### Supplied material:
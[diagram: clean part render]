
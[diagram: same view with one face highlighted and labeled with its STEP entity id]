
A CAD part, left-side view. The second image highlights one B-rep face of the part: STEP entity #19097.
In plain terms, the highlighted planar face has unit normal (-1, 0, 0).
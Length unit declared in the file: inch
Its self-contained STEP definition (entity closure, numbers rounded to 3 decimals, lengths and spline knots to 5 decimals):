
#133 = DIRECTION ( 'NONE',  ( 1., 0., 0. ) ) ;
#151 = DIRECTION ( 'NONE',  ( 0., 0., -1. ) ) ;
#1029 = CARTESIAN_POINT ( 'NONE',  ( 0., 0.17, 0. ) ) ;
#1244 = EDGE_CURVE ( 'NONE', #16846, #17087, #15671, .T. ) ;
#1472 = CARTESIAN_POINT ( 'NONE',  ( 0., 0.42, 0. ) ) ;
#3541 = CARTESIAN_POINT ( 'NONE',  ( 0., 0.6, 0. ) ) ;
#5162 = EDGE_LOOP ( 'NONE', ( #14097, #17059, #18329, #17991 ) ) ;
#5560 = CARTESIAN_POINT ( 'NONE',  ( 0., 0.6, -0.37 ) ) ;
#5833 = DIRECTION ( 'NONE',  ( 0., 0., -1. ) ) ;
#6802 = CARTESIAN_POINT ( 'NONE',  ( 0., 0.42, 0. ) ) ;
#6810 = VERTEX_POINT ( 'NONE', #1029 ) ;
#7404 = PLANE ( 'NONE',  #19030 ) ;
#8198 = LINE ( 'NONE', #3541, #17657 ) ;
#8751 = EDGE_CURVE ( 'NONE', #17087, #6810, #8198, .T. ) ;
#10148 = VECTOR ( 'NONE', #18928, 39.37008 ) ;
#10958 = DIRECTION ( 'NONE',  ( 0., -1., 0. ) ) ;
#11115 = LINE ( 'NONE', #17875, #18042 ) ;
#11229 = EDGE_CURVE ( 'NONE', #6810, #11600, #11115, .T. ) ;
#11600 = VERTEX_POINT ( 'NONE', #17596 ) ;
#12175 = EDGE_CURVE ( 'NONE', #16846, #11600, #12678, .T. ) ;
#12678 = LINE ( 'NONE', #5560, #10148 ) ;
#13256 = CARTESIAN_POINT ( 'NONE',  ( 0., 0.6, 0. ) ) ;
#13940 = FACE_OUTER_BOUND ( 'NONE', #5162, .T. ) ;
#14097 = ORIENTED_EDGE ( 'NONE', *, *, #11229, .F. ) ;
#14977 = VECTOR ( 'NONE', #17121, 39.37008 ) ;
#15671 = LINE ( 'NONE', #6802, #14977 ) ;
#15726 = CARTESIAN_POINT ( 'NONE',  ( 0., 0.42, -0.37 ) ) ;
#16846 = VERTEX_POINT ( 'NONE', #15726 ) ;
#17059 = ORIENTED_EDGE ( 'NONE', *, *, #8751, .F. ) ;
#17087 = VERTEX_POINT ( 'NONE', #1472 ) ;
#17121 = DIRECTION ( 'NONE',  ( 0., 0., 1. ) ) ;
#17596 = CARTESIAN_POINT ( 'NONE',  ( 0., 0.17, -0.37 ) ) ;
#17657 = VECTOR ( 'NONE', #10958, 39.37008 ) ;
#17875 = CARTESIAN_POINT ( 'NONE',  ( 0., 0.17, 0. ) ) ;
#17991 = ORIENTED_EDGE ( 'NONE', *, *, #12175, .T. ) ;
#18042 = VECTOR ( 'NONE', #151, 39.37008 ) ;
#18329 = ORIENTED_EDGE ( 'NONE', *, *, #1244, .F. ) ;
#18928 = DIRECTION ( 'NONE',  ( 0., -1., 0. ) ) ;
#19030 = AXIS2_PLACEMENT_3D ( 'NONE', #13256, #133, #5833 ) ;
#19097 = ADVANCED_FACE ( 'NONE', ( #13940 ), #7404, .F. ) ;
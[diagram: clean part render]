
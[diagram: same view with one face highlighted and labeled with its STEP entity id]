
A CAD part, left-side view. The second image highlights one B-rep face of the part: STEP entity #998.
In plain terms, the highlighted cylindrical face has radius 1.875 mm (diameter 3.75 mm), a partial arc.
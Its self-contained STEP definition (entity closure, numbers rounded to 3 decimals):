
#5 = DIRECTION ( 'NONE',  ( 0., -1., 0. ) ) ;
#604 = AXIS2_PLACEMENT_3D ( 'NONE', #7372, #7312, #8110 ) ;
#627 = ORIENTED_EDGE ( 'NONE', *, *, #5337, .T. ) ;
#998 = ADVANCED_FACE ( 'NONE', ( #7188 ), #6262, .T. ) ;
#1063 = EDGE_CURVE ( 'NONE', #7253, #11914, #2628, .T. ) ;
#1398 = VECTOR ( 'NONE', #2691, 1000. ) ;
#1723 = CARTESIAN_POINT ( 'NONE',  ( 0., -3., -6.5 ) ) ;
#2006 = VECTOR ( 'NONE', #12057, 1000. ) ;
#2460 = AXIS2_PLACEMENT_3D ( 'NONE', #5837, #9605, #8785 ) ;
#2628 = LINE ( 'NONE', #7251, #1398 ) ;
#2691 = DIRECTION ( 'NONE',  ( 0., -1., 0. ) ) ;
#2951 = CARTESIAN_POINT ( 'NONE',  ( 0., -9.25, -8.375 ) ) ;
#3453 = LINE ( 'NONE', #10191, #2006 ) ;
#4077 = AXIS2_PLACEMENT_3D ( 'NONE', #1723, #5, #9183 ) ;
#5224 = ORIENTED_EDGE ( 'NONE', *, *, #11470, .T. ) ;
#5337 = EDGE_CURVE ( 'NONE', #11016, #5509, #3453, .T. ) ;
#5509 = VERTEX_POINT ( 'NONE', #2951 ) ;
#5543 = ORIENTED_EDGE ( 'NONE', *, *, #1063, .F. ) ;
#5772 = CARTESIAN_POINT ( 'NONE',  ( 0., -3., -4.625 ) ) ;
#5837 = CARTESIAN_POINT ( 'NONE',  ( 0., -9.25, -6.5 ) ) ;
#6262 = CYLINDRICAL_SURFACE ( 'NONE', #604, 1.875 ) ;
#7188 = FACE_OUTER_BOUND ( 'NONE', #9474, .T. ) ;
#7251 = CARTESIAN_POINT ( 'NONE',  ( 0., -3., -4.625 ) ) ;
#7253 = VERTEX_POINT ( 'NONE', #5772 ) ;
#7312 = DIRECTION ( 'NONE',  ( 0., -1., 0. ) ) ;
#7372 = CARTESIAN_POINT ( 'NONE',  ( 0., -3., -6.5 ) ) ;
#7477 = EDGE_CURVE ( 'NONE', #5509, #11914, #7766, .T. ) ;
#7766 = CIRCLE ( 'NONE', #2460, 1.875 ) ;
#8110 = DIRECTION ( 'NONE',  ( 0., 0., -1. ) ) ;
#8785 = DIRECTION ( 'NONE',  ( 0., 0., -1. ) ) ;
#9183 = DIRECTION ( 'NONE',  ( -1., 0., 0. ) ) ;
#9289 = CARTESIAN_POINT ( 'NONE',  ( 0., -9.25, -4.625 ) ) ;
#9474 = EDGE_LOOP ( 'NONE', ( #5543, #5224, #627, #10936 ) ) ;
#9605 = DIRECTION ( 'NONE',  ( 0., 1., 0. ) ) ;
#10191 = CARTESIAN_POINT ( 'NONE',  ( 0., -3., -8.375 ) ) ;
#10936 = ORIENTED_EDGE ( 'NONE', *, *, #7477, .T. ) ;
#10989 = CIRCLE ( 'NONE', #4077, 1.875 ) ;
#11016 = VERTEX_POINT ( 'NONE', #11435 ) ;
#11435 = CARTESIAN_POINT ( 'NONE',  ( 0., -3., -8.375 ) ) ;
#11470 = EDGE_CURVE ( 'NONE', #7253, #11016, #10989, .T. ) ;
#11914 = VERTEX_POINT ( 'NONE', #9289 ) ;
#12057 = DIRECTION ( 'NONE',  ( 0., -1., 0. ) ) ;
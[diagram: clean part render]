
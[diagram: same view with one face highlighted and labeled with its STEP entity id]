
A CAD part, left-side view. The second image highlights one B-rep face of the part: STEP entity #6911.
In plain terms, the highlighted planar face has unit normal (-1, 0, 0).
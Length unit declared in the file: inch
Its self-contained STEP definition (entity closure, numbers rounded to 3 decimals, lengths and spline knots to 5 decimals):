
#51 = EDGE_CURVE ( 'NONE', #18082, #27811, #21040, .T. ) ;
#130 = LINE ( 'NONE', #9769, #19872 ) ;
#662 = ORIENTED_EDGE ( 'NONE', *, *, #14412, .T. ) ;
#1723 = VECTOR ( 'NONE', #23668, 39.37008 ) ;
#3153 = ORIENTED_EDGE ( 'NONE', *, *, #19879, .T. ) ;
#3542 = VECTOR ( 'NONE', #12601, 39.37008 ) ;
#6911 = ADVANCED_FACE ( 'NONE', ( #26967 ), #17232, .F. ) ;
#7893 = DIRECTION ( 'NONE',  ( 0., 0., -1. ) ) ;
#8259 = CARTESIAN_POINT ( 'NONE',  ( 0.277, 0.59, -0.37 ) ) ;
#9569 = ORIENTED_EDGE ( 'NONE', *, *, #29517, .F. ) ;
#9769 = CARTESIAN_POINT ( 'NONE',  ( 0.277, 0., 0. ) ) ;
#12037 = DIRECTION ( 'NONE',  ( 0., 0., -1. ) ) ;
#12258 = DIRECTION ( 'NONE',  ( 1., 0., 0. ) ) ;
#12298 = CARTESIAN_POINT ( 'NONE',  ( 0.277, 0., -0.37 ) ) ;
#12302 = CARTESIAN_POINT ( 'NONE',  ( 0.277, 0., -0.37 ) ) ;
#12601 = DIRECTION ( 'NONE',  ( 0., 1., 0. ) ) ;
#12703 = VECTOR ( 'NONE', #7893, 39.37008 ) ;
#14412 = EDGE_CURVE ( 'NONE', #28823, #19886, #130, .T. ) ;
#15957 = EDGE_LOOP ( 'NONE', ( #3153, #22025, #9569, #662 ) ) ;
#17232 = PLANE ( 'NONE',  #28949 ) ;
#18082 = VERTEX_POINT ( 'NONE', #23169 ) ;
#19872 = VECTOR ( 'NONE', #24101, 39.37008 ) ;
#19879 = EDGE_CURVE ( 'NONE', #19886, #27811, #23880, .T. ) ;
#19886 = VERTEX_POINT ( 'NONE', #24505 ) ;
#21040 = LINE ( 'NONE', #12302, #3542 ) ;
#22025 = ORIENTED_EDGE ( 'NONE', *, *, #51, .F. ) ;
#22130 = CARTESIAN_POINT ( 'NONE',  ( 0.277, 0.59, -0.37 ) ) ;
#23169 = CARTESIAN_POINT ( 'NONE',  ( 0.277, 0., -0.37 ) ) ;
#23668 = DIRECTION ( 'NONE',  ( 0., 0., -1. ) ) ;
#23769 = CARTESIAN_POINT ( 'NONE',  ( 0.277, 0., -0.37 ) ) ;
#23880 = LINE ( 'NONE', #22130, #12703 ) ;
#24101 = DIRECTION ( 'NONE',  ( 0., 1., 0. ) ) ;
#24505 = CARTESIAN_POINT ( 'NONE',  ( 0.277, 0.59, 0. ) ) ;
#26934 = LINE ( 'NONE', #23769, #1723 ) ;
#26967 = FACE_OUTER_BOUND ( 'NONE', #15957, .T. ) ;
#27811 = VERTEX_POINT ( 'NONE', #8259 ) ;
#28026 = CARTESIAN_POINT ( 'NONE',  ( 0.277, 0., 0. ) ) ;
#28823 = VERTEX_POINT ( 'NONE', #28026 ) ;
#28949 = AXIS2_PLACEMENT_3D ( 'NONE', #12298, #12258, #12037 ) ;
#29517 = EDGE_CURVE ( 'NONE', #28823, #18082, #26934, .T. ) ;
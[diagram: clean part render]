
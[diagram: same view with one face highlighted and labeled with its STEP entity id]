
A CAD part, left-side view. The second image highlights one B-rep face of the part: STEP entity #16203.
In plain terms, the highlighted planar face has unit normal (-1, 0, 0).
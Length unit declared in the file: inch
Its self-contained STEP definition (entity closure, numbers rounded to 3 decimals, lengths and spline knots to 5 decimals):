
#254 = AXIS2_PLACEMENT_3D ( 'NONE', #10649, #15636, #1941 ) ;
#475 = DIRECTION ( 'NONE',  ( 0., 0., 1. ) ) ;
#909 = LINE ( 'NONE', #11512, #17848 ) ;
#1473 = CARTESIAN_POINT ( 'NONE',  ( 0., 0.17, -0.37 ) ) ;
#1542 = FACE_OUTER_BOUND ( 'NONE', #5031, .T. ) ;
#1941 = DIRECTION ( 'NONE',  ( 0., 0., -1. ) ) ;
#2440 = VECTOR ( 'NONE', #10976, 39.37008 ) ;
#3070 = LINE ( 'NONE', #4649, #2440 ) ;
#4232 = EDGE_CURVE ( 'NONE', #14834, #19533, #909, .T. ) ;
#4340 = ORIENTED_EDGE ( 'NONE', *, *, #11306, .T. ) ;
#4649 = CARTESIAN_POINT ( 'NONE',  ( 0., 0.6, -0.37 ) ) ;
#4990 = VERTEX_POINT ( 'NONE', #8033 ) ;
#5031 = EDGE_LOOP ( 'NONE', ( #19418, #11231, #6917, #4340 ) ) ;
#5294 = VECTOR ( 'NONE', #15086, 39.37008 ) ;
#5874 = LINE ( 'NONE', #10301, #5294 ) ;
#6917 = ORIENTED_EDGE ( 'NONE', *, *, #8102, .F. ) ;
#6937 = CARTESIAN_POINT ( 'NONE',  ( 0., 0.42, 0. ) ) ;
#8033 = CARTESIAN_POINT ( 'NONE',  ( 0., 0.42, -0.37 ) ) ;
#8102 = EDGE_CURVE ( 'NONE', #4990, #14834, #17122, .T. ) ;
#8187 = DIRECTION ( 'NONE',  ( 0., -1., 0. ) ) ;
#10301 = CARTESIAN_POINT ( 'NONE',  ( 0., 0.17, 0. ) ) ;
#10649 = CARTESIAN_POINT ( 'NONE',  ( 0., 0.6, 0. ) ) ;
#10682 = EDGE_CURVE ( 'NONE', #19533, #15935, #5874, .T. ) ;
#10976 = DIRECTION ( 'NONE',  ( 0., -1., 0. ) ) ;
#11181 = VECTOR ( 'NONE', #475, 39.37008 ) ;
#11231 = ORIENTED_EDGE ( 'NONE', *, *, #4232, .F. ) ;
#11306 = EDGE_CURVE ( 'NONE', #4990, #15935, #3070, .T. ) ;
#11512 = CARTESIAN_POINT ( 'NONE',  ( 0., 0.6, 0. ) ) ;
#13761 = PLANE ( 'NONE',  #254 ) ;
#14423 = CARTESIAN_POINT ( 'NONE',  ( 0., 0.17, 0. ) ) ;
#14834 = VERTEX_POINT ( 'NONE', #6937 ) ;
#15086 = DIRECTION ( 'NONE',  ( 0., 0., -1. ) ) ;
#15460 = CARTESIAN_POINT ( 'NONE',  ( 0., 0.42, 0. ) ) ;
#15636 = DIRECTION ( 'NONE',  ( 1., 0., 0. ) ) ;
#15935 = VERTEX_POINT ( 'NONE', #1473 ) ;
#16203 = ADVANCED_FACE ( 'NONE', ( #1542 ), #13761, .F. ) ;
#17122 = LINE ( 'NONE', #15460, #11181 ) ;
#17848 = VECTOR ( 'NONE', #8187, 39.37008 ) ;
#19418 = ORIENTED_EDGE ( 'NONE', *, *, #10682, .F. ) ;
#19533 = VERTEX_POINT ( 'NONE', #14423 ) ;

### Directions for this task:
Filter by the word "highlights": copy every line of the data that holds it.

### Response to the task:
A CAD part, left-side view. The second image highlights one B-rep face of the part: STEP entity #19097.
A CAD part, left-side view. The second image highlights one B-rep face of the part: STEP entity #998.
A CAD part, left-side view. The second image highlights one B-rep face of the part: STEP entity #6911.
A CAD part, left-side view. The second image highlights one B-rep face of the part: STEP entity #16203.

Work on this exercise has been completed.